Thursday, June 18, 2020


Dr. Grumpy: "Any other questions?"

Mr. Patient: "Yeah, do you have any idea what this means?"

He took out a small piece of paper with "WANGLES SLAGLON" written on it and held it up.

Dr. Grumpy: "Uh, no. I have no idea what that means."

Mr. Patient: "Neither do I. Okay, doc, see you next month."

He threw the paper in the trash and left.


Anonymous said...

Well at least he believed you and didn't seek a second opinion from another physician.

Officer Cynical said...

Hey, that's the name I was gonna use if I ever went to clown college!!!

John Woolman said...

When I looked at this I was reminded of Psychology 101, where the class had an experiment that involved looking at a set of random letters, in which there would be one short word, often non-parliamentary. Since WANG has a specific meaning in vernacular US English and SLAG has has a specific meaning in vernacular Brit English, could this be a test to differentiate which side of the pond you were brought up on?

Ygolonac said...

Oh, it's that song that Minster New Vegas plays pretty often.

"I've got Wangles, Slagon Slagon Slagon..."

(Video game joke - original is "spurs that jingle jangle jingle", in Fallout: New Vegas.)

jbt369 said...

Showing results for "TANGLES SALON"
No results found for "WANGLES SLAGLON"

Anonymous said...

It sounds to me like the last password I came up with that was 'different' than the 25 million versions I've had to change every month on every single electronic device I have to use that is password-protected.

Anonymous said...

Idly wondering what is 'parliamentary English'. Proper British English, vs Slang British English?

Wang is not too common in US English vernacular, (but then, there is such a wide variety of terms to describe 'it' and it is such a common every topic of discussion that all one has to do is to 'wink, wink' and most everyone will know what is being talked about). Such is the state of the common English language in the US today. Maybe it's that way in GB as well-- have doubts about its common usage in Canadian English.
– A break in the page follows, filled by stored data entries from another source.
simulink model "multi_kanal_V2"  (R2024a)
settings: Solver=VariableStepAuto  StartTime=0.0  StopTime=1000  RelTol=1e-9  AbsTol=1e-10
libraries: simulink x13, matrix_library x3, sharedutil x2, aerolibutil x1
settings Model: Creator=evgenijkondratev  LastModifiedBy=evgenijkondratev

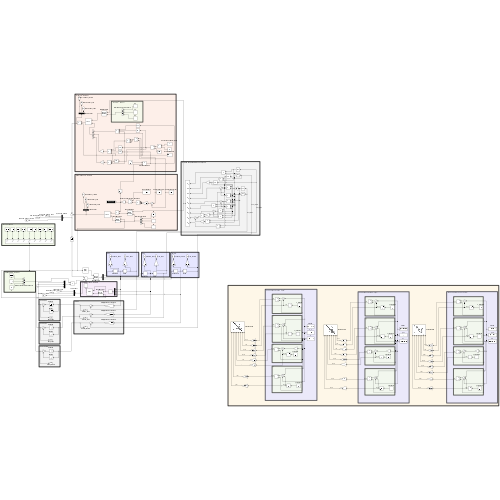
[thumbnail: Simulink's stored preview of the top-level diagram]
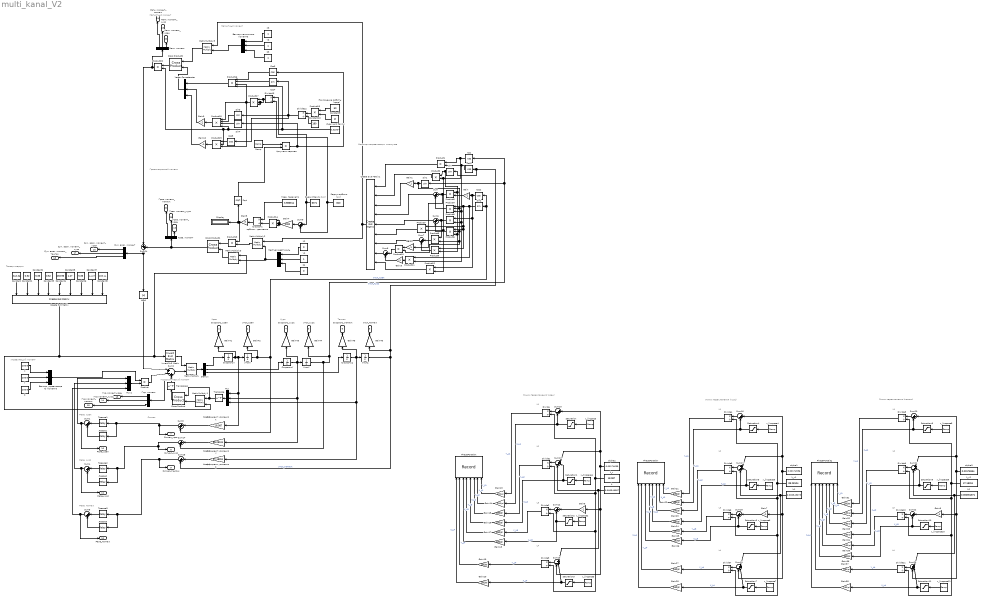
== system multi_kanal_V2 ==
  note: L3
  note: L4
  note: Крен
  note: Магнитный момент
  note: Линии переключения (крен)
  note: L4
  note: Линии переключения (курс)
  note: Линии переключения (тангаж)
  note: L3
  note: L1
  note: Реле, тангаж
  note: L2
  note: L4
  note: L1
  note: L1
  note: L3
  note: Сигнал
  note: Матрица направляющих косинусов
  note: Тензор инерции
  note: L2
  note: Реле, курс
  note: L2
  note: Управляющий момент
  note: Курс
  note: Тангаж
  note: Реле, крен
  note: Гироскопический момент
  note: Гравитационный момент
  note: Магнитный момент
  Abs1 : Abs  SaturateOnIntegerOverflow=off
  Constant : Constant  Value=363.86
  Constant1 : Constant  Value=0.52
  Constant10 : Constant  Value=180
  Constant2 : Constant  Value=5.36
  Constant3 : Constant  Value=0.52
  Constant4 : Constant  Value=233.96
  Constant5 : Constant  Value=1.27
  Constant6 : Constant  Value=5.36
  Constant7 : Constant  Value=14.27
  Constant8 : Constant  Value=285.14
  Constant9 : Constant  Value=pi
  Cos{,1..3,5} (5 alike) : Trigonometry  Operator=cos
  Cos4 : Trigonometry
  Create 3x3 Matrix : sharedutil/Create 3x3 Matrix  aMode=aMode
      settings: LibrarySourceBlock=aerolibutil/Create 3x3 Matrix
  Create 3x3 Matrix1 : sharedutil/Create 3x3 Matrix  aMode=aMode
      settings: LibrarySourceBlock=aerolibutil/Create 3x3 Matrix
  Cross Product : matrix_library/Cross Product
  Cross Product1 : matrix_library/Cross Product
  Cross Product2 : matrix_library/Cross Product
  Demux : Demux  Outputs=3
  Display : Display
  Divide{,1..13} (14 alike) : Product  Inputs=*/
  Gain{,1..3,6..8,10} (8 alike) : Gain  Gain=-1
  Gain{13..28,31..38,41..46} (30 alike) : Gain  Gain=180/pi
  Gain4 : Gain  Gain=1000
  Gain5 : Gain  Gain=3
  Gain9 : Gain  Gain=-2
  Invert 3x3 Matrix : aerolibutil/Invert  3x3 Matrix
  MatrixMultiply{,1..3,5} (5 alike) : Product  Multiplication=Matrix(*)
  Mux : Mux  Inputs=3
  Mux1 : Mux  Inputs=3
  PhasePortraitX : Record  FileSettingsInternal="{\"entries\":[{\"content\":{\"excelSettings\":{\"content\":{},\"type\":\"Streamout.ExcelSettings\"}},\"type\":\"Streamout.FileSettingStorage\",\"uuid\":\"\"}],\"packageUris\":[\"http:\\/\\/schema.mathworks.com\\/mf0\\/streamout_blocks\\/R2020a\"],\"version\":\"1.0\"}"  Layout=[1 1]  SignalsInternal="{\"entries\":[{\"content\":{\"signals\":[{\"content\":{\"blockPath\":[],\"dimensions\":[1],\"domain\":\"\",\"lineColor\":\"#7e2f8e\",\"lineWidth\":2,\"port\":1,\"sid\":[\"\"],\"signalID\":1,\"signalName\":\"X_L4\"},\"type\":\"RecordBlkView.Signal\",\"uuid\":\"\"},{\"content\":{\"blockPath\":[],\"dimensions\":[1],\"domain\":\"\",\"lineColor\":\"#77ac30\",\"lineWidth\":2,\"port\":2,\"sid\":[\"\"],\"signalID\":2,\"signalName\":\"Y_L4\"},\"type\":\"RecordBlkView.Signal\",\"uuid\":\"\"},{\"content\":{\"blockPath\":[],\"dimensions\":[1],\"domain\":\"\",\"lineColor\":\"#4dbeee\",\"lineWidth\":2,\"port\":3,\"sid\":[\"\"],\"signalID\":3,\"signalName\":\"X_L3\"},\"type\":\"RecordBlkView.Signal\",\"uuid\":\"\"},{\"content\":{\"blockPath\":[],\"dimensions\":[1],\"domain\":\"\",\"lineColor\":\"#a2142f\",\"lineWidth\":2,\"port\":4,\"sid\":[\"\"],\"signalID\":4,\"signalName\":\"Y_L3\"},\"type\":\"RecordBlkView.Signal\",\"uuid\":\"\"},{\"content\":{\"blockPath\":[],\"dimensions\":[1],\"domain\":\"\",\"lineColor\":\"#139fff\",\"lineWidth\":2,\"port\":5,\"sid\":[\"\"],\"signalID\":5,\"signalName\":\"X_L2\"},\"type\":\"RecordBlkView.Signal\",\"uuid\":\"\"},{\"content\":{\"blockPath\":[],\"dimensions\":[1],\"domain\":\"\",\"lineColor\":\"#ff6929\",\"lineWidth\":2,\"port\":6,\"sid\":[\"\"],\"signalID\":6,\"signalName\":\"Y_L2\"},\"type\":\"RecordBlkView.Signal\",\"uuid\":\"\"},{\"content\":{\"blockPath\":[],\"dimensions\":[1],\"domain\":\"\",\"lineColor\":\"#b746ff\",\"lineWidth\":2,\"port\":7,\"sid\":[\"\"],\"signalID\":7,\"signalName\":\"X_L1\"},\"type\":\"RecordBlkView.Signal\",\"uuid\":\"\"},{\"content\":{\"blockPath\":[],\"dimensions\":[1],\"domain\":\"\",\"lineColor\":\"#64d413\",\"lineWidth\":2,\"port\":8,\"sid\":[\"\"],\"signalID\":8,\"signalName\":\"Y_L1\"},\"type\":\"RecordBlkView.Signal\",\"uuid\":\"\"}]},\"type\":\"RecordBlkView.InputSignals\",\"uuid\":\"\"}],\"packageUris\":[\"http:\\/\\/schema.mathworks.com\\/mf0\\/streamout_blocks\\/R2020a\"],\"version\":\"1.0\"}"  VisualizationBindings="{\"xyplotplugin\":{\"info\":[{\"series\":[],\"subplotID\":1}]}}"  CompatibilityTag=XY
  PhasePortraitY : Record  FileSettingsInternal="{\"entries\":[{\"content\":{\"excelSettings\":{\"content\":{},\"type\":\"Streamout.ExcelSettings\"}},\"type\":\"Streamout.FileSettingStorage\",\"uuid\":\"\"}],\"packageUris\":[\"http:\\/\\/schema.mathworks.com\\/mf0\\/streamout_blocks\\/R2020a\"],\"version\":\"1.0\"}"  Layout=[1 1]  SignalsInternal="{\"entries\":[{\"content\":{\"signals\":[{\"content\":{\"blockPath\":[],\"dimensions\":[1],\"domain\":\"\",\"lineColor\":\"#4dbeee\",\"lineWidth\":2,\"port\":1,\"sid\":[\"\"],\"signalID\":1,\"signalName\":\"X_L4\"},\"type\":\"RecordBlkView.Signal\",\"uuid\":\"\"},{\"content\":{\"blockPath\":[],\"dimensions\":[1],\"domain\":\"\",\"lineColor\":\"#a2142f\",\"lineWidth\":2,\"port\":2,\"sid\":[\"\"],\"signalID\":2,\"signalName\":\"Y_L4\"},\"type\":\"RecordBlkView.Signal\",\"uuid\":\"\"},{\"content\":{\"blockPath\":[],\"dimensions\":[1],\"domain\":\"\",\"lineColor\":\"#139fff\",\"lineWidth\":2,\"port\":3,\"sid\":[\"\"],\"signalID\":3,\"signalName\":\"X_L3\"},\"type\":\"RecordBlkView.Signal\",\"uuid\":\"\"},{\"content\":{\"blockPath\":[],\"dimensions\":[1],\"domain\":\"\",\"lineColor\":\"#ff6929\",\"lineWidth\":2,\"port\":4,\"sid\":[\"\"],\"signalID\":4,\"signalName\":\"Y_L3\"},\"type\":\"RecordBlkView.Signal\",\"uuid\":\"\"},{\"content\":{\"blockPath\":[],\"dimensions\":[1],\"domain\":\"\",\"lineColor\":\"#b746ff\",\"lineWidth\":2,\"port\":5,\"sid\":[\"\"],\"signalID\":5,\"signalName\":\"X_L2\"},\"type\":\"RecordBlkView.Signal\",\"uuid\":\"\"},{\"content\":{\"blockPath\":[],\"dimensions\":[1],\"domain\":\"\",\"lineColor\":\"#64d413\",\"lineWidth\":2,\"port\":6,\"sid\":[\"\"],\"signalID\":6,\"signalName\":\"Y_L2\"},\"type\":\"RecordBlkView.Signal\",\"uuid\":\"\"},{\"content\":{\"blockPath\":[],\"dimensions\":[1],\"domain\":\"\",\"lineColor\":\"#ff13a6\",\"lineWidth\":2,\"port\":7,\"sid\":[\"\"],\"signalID\":7,\"signalName\":\"X_L1\"},\"type\":\"RecordBlkView.Signal\",\"uuid\":\"\"},{\"content\":{\"blockPath\":[],\"dimensions\":[1],\"domain\":\"\",\"lineColor\":\"#fe330a\",\"lineWidth\":2,\"port\":8,\"sid\":[\"\"],\"signalID\":8,\"signalName\":\"Y_L1\"},\"type\":\"RecordBlkView.Signal\",\"uuid\":\"\"}]},\"type\":\"RecordBlkView.InputSignals\",\"uuid\":\"\"}],\"packageUris\":[\"http:\\/\\/schema.mathworks.com\\/mf0\\/streamout_blocks\\/R2020a\"],\"version\":\"1.0\"}"  VisualizationBindings="{\"xyplotplugin\":{\"info\":[{\"series\":[],\"subplotID\":1}]}}"  CompatibilityTag=XY
  PhasePortraitZ : Record  FileSettingsInternal="{\"entries\":[{\"content\":{\"excelSettings\":{\"content\":{},\"type\":\"Streamout.ExcelSettings\"}},\"type\":\"Streamout.FileSettingStorage\",\"uuid\":\"\"}],\"packageUris\":[\"http:\\/\\/schema.mathworks.com\\/mf0\\/streamout_blocks\\/R2020a\"],\"version\":\"1.0\"}"  Layout=[1 1]  SignalsInternal="{\"entries\":[{\"content\":{\"signals\":[{\"content\":{\"blockPath\":[],\"dimensions\":[1],\"domain\":\"\",\"lineColor\":\"#22b573\",\"lineWidth\":2,\"plots\":[ 1 ],\"port\":1,\"sid\":[\"\"],\"signalID\":1,\"signalName\":\"X_L4\"},\"type\":\"RecordBlkView.Signal\",\"uuid\":\"\"},{\"content\":{\"blockPath\":[],\"dimensions\":[1],\"domain\":\"\",\"lineColor\":\"#7e2f8e\",\"lineWidth\":2,\"plots\":[ 1 ],\"port\":2,\"sid\":[\"\"],\"signalID\":2,\"signalName\":\"Y_L4\"},\"type\":\"RecordBlkView.Signal\",\"uuid\":\"\"},{\"content\":{\"blockPath\":[],\"dimensions\":[1],\"domain\":\"\",\"lineColor\":\"#fe330a\",\"lineWidth\":2,\"port\":3,\"sid\":[\"\"],\"signalID\":3,\"signalName\":\"X_L3\"},\"type\":\"RecordBlkView.Signal\",\"uuid\":\"\"},{\"content\":{\"blockPath\":[],\"dimensions\":[1],\"domain\":\"\",\"lineColor\":\"#22b573\",\"lineWidth\":2,\"port\":4,\"sid\":[\"\"],\"signalID\":4,\"signalName\":\"Y_L3\"},\"type\":\"RecordBlkView.Signal\",\"uuid\":\"\"},{\"content\":{\"blockPath\":[],\"dimensions\":[1],\"domain\":\"\",\"lineColor\":\"#0072bd\",\"lineWidth\":2,\"port\":5,\"sid\":[\"\"],\"signalID\":5,\"signalName\":\"X_L2\"},\"type\":\"RecordBlkView.Signal\",\"uuid\":\"\"},{\"content\":{\"blockPath\":[],\"dimensions\":[1],\"domain\":\"\",\"lineColor\":\"#64d413\",\"lineWidth\":2,\"port\":6,\"sid\":[\"\"],\"signalID\":6,\"signalName\":\"Y_L2\"},\"type\":\"RecordBlkView.Signal\",\"uuid\":\"\"},{\"content\":{\"blockPath\":[],\"dimensions\":[1],\"domain\":\"\",\"lineColor\":\"#edb120\",\"lineWidth\":2,\"port\":7,\"sid\":[\"\"],\"signalID\":7,\"signalName\":\"X_L1\"},\"type\":\"RecordBlkView.Signal\",\"uuid\":\"\"},{\"content\":{\"blockPath\":[],\"dimensions\":[1],\"domain\":\"\",\"lineColor\":\"#7e2f8e\",\"lineWidth\":2,\"port\":8,\"sid\":[\"\"],\"signalID\":8,\"signalName\":\"Y_L1\"},\"type\":\"RecordBlkView.Signal\",\"uuid\":\"\"}]},\"type\":\"RecordBlkView.InputSignals\",\"uuid\":\"\"}],\"packageUris\":[\"http:\\/\\/schema.mathworks.com\\/mf0\\/streamout_blocks\\/R2020a\"],\"version\":\"1.0\"}"  VisualizationBindings="{\"xyplotplugin\":{\"info\":[{\"series\":[{\"bindingParametersList\":[{\"parameter\":\"X-Axis\",\"signalID\":1,\"signalName\":\"X_L4\"},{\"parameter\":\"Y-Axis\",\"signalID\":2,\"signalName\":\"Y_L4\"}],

However, 'slag' still refers commonly in the US to trashy leftover rock and chemical debris after mining or metal refining operations, such as in steel-making, in dicussion of environmental concerns, e.g. kids playing in a pile of slag may be exposed to toxic minerals like chromium, and nickel compounds. Don't be too surprised if someone thinks that you're into mineral engineering if you mention it in a tavern or bar in American coal country.

Ms. Donna said...

Pt. tests MD.Priceless. Thanks for the laugh!

Packer said...

Real comfortable jeans the wrangler slogan after passing through Dragon dictation becomes Wingels Slager on I think you see where I’m going with this

Anonymous said...

Sounds like a character from a Jasper Fforde novel.

Anonymous said...

"All I know is that it's trending on Twitter right now, and everyone seems to have really strong feelings about it, but I can't figure out what it actually is."

Ranvaig said...

3rd person present: wangles
manage to obtain (something) by persuading or cleverly manipulating someone.
"I wangled an invitation to her party"

Slag Lon brought up some porn links. I didn't check them out.

Anonymous said...

Pretty sure that's Klingon.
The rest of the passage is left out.